» **DATA EXTRACT**:
⁂

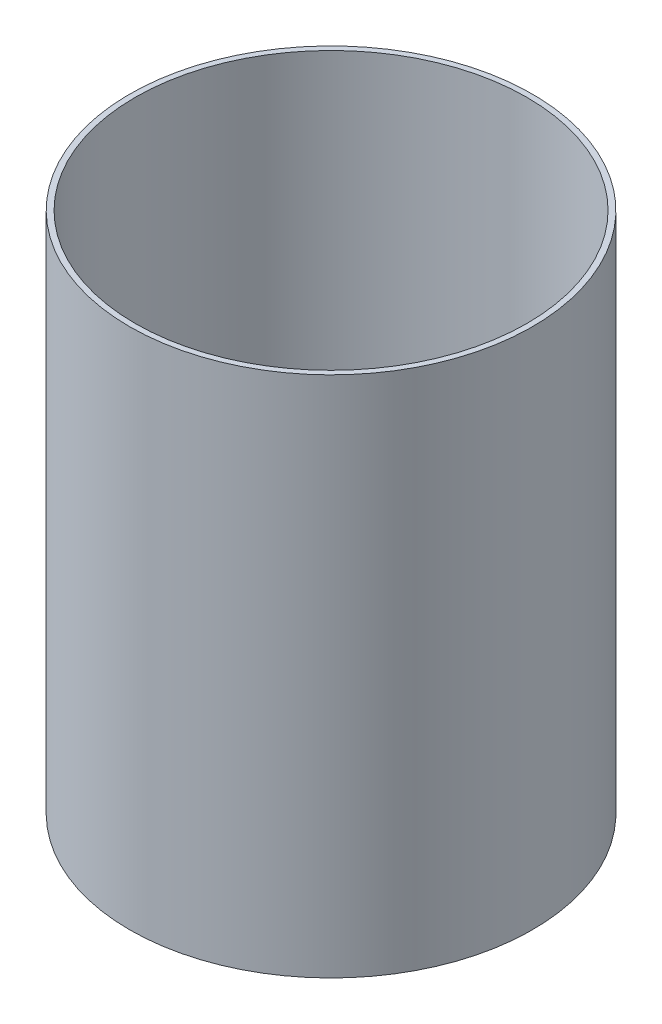
from build123d import *

# Parameters (mm, degrees)
SKETCH1_R           = 78.359
SKETCH1_R_2         = 76.2
BOSS_EXTRUDE1_DEPTH = 203.2


with BuildPart() as part:
    # Sketch1 → Boss-Extrude1 (new body)
    with BuildSketch(Plane(origin=(0, 0, 0), x_dir=(1, 0, 0), z_dir=(0, 1, 0))):
        Circle(SKETCH1_R)
        Circle(SKETCH1_R_2, mode=Mode.SUBTRACT)
    extrude(amount=BOSS_EXTRUDE1_DEPTH)


solid = part.part

⁂

» **PROBLEM DETAILS**: Although the records contain pictures, transcribe only their text, exactly as written.

» **WRITTEN SOLUTION**:
from build123d import *

# Parameters (mm, degrees)
SKETCH1_R           = 78.359
SKETCH1_R_2         = 76.2
BOSS_EXTRUDE1_DEPTH = 203.2


with BuildPart() as part:
    # Sketch1 → Boss-Extrude1 (new body)
    with BuildSketch(Plane(origin=(0, 0, 0), x_dir=(1, 0, 0), z_dir=(0, 1, 0))):
        Circle(SKETCH1_R)
        Circle(SKETCH1_R_2, mode=Mode.SUBTRACT)
    extrude(amount=BOSS_EXTRUDE1_DEPTH)


solid = part.part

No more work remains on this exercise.